Three Pots-pourris Feuilles de Mirte or à Feuillages
Sèvres Porcelain Manufactory
French, ca. 1762
Soft-paste porcelain
Larger vase: 14 3/16 x 8 1/2 x 7 1/8 in. (36 x 21.6 x 18.1 cm)
Smaller vases: 11 x 6 3/4 x 5 1/4 in. (27.9 x 17.1 x 13.3 cm)
Henry Clay Frick Bequest, 1918

Jean-Claude Duplessis adapted the shape of these vases from silverworks made some ten years earlier. Produced at the factory from 1761 to 1768, they were called either pots-pourris feuilles de mirte or à feuillages, a reference to the entwined myrtle leaves on the sides and neck of the vases, as well as to their eventual content (myrtle leaves were the essential ingredient in potpourri mixtures of dried flowers, herbs, and spices).

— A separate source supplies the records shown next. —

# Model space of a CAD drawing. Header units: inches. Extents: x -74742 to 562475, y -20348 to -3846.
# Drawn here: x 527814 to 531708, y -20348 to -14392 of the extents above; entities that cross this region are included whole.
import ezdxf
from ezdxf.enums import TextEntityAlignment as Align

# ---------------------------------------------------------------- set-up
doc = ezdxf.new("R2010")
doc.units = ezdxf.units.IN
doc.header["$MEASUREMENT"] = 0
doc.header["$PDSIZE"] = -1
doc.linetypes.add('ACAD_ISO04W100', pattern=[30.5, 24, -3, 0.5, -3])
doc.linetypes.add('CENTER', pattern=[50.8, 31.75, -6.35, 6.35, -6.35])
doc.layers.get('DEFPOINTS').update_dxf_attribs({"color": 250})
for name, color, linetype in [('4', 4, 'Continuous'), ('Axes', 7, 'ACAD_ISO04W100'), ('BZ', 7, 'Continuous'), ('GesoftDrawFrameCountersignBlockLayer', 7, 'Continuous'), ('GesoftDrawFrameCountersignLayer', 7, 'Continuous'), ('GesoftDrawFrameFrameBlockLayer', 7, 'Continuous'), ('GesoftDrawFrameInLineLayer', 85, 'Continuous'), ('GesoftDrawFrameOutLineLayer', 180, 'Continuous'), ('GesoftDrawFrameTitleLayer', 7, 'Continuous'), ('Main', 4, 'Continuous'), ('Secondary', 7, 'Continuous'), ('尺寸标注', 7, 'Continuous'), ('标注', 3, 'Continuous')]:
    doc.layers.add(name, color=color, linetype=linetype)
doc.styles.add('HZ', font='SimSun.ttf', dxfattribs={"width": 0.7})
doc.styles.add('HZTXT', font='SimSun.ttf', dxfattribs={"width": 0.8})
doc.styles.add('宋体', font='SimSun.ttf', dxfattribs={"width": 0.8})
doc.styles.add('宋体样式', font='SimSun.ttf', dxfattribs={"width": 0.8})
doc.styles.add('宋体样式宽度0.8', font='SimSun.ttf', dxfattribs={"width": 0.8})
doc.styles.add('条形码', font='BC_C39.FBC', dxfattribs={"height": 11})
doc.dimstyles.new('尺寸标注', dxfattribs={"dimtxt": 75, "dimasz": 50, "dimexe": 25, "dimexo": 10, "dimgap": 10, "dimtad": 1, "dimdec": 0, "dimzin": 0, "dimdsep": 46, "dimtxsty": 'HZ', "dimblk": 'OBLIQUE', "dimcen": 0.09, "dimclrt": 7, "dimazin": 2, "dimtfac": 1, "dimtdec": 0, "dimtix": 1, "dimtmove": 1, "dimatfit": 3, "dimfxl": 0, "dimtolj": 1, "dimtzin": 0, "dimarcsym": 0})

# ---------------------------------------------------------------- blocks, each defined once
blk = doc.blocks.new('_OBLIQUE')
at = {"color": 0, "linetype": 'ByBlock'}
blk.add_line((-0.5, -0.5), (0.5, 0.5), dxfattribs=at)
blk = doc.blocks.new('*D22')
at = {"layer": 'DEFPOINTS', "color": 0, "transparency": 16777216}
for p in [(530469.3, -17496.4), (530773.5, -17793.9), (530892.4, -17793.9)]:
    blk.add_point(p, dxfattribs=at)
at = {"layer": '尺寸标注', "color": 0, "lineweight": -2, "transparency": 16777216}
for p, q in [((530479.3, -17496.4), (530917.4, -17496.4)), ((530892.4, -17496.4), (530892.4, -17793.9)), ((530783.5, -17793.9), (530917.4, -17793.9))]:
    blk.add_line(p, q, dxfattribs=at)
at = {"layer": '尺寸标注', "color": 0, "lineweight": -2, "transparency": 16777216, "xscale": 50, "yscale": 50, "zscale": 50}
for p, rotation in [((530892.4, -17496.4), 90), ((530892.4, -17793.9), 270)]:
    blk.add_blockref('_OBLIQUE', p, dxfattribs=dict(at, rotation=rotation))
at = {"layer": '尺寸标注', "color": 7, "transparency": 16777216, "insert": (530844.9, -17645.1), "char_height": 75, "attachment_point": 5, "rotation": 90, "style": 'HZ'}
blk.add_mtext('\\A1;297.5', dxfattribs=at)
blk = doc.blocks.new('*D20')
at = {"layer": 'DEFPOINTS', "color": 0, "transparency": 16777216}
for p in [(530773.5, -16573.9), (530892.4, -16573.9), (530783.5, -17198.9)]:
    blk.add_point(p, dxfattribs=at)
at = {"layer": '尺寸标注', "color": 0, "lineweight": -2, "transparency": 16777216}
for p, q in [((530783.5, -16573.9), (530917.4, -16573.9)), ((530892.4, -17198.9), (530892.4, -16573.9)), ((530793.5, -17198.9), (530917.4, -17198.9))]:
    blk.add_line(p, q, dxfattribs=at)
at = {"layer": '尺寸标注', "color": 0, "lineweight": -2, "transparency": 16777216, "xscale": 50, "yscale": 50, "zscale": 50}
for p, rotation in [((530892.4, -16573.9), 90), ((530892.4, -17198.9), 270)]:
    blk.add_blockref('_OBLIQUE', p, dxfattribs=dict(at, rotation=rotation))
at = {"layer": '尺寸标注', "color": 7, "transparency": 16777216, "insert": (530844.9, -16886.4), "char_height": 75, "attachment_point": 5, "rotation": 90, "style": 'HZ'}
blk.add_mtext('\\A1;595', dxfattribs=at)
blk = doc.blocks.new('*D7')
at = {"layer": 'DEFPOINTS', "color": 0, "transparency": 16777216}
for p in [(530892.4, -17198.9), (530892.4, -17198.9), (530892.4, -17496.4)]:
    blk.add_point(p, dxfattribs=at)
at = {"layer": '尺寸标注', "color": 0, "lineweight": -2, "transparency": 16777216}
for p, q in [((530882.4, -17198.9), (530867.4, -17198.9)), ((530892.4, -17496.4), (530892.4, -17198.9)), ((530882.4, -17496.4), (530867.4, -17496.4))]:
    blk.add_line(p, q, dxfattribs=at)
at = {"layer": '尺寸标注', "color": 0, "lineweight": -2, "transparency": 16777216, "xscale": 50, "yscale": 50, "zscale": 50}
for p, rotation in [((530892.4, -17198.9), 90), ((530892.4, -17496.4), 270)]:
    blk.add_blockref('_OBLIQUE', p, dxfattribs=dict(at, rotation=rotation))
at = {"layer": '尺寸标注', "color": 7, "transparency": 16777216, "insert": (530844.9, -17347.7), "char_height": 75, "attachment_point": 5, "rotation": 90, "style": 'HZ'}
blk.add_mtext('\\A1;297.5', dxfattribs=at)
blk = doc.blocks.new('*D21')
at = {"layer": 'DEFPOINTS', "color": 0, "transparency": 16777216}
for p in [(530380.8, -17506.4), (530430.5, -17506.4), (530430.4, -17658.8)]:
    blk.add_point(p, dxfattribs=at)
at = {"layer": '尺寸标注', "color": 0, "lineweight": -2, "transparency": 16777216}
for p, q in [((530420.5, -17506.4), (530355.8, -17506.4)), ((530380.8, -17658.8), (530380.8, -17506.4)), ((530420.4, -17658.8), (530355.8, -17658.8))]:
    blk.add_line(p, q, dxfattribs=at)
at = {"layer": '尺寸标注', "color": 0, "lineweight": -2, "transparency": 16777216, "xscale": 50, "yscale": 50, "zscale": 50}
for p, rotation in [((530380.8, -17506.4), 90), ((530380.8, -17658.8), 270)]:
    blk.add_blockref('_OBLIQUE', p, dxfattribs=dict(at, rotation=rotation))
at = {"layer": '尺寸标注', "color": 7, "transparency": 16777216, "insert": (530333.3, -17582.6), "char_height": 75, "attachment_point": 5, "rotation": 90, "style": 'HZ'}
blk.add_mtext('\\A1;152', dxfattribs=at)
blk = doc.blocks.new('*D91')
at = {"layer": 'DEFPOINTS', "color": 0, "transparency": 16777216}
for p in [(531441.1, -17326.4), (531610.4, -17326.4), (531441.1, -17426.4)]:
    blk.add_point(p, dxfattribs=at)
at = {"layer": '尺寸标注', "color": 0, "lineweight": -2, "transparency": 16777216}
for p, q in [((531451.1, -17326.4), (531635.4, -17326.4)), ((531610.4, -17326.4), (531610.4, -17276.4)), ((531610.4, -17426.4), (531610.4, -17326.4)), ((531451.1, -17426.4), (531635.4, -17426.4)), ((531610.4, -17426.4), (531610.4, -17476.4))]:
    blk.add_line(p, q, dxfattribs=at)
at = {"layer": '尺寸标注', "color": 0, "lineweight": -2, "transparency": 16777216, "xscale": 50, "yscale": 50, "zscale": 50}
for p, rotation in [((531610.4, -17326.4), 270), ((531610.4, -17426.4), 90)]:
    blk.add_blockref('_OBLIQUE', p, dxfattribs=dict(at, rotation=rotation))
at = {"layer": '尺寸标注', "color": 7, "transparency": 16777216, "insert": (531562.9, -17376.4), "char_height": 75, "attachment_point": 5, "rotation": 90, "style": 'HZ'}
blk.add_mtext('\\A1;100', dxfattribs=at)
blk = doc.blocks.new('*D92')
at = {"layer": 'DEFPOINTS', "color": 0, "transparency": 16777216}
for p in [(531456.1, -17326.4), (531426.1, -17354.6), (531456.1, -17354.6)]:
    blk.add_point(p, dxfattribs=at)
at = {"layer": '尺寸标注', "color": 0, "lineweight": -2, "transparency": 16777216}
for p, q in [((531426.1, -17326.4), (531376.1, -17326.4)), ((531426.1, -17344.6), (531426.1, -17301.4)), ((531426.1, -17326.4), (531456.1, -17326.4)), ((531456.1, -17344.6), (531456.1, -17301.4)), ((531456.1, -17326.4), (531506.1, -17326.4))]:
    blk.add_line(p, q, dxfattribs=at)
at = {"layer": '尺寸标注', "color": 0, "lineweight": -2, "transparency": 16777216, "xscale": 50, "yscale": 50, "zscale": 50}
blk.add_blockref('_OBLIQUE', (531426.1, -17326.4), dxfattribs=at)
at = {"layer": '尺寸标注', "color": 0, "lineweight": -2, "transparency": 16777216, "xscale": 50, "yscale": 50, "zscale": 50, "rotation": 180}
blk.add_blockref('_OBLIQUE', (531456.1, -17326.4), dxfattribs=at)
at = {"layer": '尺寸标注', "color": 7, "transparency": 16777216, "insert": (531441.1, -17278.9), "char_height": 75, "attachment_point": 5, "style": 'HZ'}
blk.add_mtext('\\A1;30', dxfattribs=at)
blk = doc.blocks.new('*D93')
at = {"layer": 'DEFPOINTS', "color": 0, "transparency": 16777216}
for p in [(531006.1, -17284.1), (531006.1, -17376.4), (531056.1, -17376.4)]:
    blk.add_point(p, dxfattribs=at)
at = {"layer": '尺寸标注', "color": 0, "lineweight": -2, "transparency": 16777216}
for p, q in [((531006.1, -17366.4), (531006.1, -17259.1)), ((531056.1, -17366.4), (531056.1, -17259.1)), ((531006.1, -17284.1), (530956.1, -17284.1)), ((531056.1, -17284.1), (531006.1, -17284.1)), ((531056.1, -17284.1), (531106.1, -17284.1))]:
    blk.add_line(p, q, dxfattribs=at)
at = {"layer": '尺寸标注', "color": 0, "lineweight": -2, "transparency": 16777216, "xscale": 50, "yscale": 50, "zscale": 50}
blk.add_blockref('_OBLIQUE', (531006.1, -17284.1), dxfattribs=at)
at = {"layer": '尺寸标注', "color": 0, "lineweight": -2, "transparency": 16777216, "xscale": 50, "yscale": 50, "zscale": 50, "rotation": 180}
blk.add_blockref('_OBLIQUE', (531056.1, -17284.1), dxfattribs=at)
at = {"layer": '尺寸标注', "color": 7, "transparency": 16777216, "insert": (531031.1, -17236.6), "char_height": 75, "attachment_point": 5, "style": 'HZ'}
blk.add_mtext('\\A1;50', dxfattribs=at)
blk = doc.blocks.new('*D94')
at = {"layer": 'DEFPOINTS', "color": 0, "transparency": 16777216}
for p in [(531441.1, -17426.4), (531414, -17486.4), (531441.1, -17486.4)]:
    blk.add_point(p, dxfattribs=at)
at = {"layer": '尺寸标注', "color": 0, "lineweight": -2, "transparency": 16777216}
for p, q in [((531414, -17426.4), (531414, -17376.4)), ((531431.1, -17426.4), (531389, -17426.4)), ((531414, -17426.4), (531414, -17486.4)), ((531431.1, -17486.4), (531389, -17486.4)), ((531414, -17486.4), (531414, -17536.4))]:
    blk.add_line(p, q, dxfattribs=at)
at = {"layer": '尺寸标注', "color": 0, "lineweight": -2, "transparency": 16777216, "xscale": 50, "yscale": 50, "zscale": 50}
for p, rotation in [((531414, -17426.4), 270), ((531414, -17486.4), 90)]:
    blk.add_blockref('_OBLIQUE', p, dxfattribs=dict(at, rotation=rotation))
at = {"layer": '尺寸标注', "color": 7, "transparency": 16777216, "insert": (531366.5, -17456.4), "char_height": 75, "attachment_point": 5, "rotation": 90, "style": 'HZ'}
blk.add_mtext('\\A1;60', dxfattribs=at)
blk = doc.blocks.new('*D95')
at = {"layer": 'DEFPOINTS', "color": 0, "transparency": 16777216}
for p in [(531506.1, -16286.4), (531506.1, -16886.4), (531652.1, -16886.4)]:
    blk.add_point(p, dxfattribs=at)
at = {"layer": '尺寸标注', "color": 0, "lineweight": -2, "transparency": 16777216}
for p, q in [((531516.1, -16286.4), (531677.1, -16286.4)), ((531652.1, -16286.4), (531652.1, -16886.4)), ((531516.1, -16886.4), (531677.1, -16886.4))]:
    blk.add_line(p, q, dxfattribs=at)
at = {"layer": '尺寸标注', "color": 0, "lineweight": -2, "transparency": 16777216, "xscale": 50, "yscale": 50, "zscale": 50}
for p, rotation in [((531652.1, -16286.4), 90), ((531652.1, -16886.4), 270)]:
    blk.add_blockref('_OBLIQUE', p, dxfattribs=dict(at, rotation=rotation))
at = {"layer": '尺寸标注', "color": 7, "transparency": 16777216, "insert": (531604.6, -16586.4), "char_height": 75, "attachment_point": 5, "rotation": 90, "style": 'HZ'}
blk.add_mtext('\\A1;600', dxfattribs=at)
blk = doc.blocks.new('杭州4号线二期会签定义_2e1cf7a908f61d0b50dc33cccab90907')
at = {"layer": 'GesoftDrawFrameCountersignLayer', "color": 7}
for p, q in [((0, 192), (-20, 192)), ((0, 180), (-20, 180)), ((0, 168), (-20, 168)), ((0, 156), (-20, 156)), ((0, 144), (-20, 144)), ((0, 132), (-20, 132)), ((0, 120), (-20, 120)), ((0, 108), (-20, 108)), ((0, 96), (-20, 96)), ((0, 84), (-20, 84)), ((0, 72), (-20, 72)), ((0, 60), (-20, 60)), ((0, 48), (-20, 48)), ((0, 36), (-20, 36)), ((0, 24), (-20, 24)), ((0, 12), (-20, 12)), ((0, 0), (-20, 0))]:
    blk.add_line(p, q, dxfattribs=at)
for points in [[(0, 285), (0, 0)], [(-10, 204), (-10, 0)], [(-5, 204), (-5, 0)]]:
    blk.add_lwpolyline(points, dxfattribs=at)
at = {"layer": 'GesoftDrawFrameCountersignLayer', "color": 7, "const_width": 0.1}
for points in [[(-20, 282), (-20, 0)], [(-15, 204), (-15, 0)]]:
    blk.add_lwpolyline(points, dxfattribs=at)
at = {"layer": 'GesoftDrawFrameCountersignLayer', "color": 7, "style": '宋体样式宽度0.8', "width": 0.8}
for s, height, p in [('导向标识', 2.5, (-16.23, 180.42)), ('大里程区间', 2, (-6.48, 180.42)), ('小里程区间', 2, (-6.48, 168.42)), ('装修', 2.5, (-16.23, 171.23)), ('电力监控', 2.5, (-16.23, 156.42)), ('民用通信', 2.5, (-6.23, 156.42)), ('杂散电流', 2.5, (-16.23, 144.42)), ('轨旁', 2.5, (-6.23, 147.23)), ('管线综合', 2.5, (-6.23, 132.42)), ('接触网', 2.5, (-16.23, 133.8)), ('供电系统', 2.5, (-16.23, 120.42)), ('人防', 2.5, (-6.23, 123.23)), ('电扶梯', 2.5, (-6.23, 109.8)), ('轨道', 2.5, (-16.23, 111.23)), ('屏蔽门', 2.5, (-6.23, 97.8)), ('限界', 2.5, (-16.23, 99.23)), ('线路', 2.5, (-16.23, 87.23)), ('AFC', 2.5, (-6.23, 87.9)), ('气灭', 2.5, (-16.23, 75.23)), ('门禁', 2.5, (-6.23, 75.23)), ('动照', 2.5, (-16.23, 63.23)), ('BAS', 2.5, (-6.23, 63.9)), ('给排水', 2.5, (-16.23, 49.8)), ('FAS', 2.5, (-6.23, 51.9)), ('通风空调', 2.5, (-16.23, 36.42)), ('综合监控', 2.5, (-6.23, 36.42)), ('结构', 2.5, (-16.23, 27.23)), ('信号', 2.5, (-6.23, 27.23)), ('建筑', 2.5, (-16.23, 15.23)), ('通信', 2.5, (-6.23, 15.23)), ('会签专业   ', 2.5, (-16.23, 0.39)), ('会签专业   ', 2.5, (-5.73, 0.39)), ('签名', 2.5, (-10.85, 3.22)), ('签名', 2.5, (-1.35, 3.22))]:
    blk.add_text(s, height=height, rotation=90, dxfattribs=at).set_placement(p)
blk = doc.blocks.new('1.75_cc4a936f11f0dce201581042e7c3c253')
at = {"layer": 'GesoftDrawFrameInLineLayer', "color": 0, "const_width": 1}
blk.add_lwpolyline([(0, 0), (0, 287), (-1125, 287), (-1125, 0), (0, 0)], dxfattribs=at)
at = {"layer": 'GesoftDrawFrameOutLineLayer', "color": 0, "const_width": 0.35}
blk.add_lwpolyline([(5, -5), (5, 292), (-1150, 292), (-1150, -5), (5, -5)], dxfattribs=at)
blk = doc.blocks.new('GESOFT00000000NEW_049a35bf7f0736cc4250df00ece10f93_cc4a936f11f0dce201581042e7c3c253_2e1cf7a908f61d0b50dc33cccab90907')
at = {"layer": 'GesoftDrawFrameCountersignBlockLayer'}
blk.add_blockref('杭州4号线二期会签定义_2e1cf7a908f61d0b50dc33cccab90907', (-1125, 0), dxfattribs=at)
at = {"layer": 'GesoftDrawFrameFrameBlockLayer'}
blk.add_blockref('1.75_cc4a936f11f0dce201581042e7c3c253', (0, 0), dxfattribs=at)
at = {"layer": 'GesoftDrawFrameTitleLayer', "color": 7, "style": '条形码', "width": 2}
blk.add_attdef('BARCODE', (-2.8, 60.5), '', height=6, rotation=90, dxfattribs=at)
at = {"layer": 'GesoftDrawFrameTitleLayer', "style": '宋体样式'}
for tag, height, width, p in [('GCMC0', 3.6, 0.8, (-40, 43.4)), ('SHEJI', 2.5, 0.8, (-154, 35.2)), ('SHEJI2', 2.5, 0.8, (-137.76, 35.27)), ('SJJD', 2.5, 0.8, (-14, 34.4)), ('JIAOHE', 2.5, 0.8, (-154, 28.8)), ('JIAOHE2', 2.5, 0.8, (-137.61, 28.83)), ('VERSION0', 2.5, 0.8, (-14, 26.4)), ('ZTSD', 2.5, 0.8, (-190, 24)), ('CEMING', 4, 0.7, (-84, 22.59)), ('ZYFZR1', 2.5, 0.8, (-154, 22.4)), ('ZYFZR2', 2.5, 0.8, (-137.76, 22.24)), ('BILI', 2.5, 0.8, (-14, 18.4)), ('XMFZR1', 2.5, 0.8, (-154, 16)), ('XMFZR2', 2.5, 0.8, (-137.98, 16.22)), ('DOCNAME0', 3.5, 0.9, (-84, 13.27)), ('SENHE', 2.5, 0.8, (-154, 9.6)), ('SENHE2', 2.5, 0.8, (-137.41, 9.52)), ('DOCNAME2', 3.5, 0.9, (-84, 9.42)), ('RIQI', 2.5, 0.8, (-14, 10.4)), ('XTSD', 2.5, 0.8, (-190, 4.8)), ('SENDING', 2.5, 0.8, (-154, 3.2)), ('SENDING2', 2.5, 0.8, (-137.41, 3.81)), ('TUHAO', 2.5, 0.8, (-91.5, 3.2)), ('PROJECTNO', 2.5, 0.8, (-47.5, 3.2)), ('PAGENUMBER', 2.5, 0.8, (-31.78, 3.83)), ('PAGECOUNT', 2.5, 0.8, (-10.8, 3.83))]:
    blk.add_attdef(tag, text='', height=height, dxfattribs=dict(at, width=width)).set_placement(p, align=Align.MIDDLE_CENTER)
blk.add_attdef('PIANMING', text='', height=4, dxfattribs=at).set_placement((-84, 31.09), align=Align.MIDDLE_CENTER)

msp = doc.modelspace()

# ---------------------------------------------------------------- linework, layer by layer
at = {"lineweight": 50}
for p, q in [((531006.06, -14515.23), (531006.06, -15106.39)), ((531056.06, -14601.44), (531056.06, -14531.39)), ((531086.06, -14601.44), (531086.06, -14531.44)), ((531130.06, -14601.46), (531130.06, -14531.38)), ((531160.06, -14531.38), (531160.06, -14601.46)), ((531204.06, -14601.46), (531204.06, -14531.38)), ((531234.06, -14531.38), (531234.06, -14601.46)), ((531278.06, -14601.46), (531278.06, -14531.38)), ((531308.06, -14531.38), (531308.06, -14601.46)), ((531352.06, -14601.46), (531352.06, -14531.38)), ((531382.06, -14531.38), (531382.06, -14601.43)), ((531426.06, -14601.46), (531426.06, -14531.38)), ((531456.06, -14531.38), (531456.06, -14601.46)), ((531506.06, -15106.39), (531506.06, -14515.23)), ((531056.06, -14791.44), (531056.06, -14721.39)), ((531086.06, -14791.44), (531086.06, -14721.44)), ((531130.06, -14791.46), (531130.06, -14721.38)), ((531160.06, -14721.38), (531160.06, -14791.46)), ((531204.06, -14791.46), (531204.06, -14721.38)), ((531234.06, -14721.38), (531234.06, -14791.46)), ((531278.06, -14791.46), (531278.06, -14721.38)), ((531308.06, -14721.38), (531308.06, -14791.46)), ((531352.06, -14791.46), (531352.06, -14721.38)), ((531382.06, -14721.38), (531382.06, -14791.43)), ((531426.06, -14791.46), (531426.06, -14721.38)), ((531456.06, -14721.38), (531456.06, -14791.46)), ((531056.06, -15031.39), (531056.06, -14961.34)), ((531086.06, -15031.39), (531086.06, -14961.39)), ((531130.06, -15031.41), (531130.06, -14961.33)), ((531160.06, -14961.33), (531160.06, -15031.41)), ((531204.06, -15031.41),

All three vases are decorated on the front with a Flemish peasant scene in rich polychrome and on the back with a landscape bathed in soft light. These decorative scenes derive in part from engravings made after paintings by David Teniers the Younger and François Boucher. The seated peasants on the front of the larger vase are borrowed from 4ème Fête Flamande, an engraving by Jacques-Philippe Lebas after a painting by Teniers. The painter of these scenes is unknown.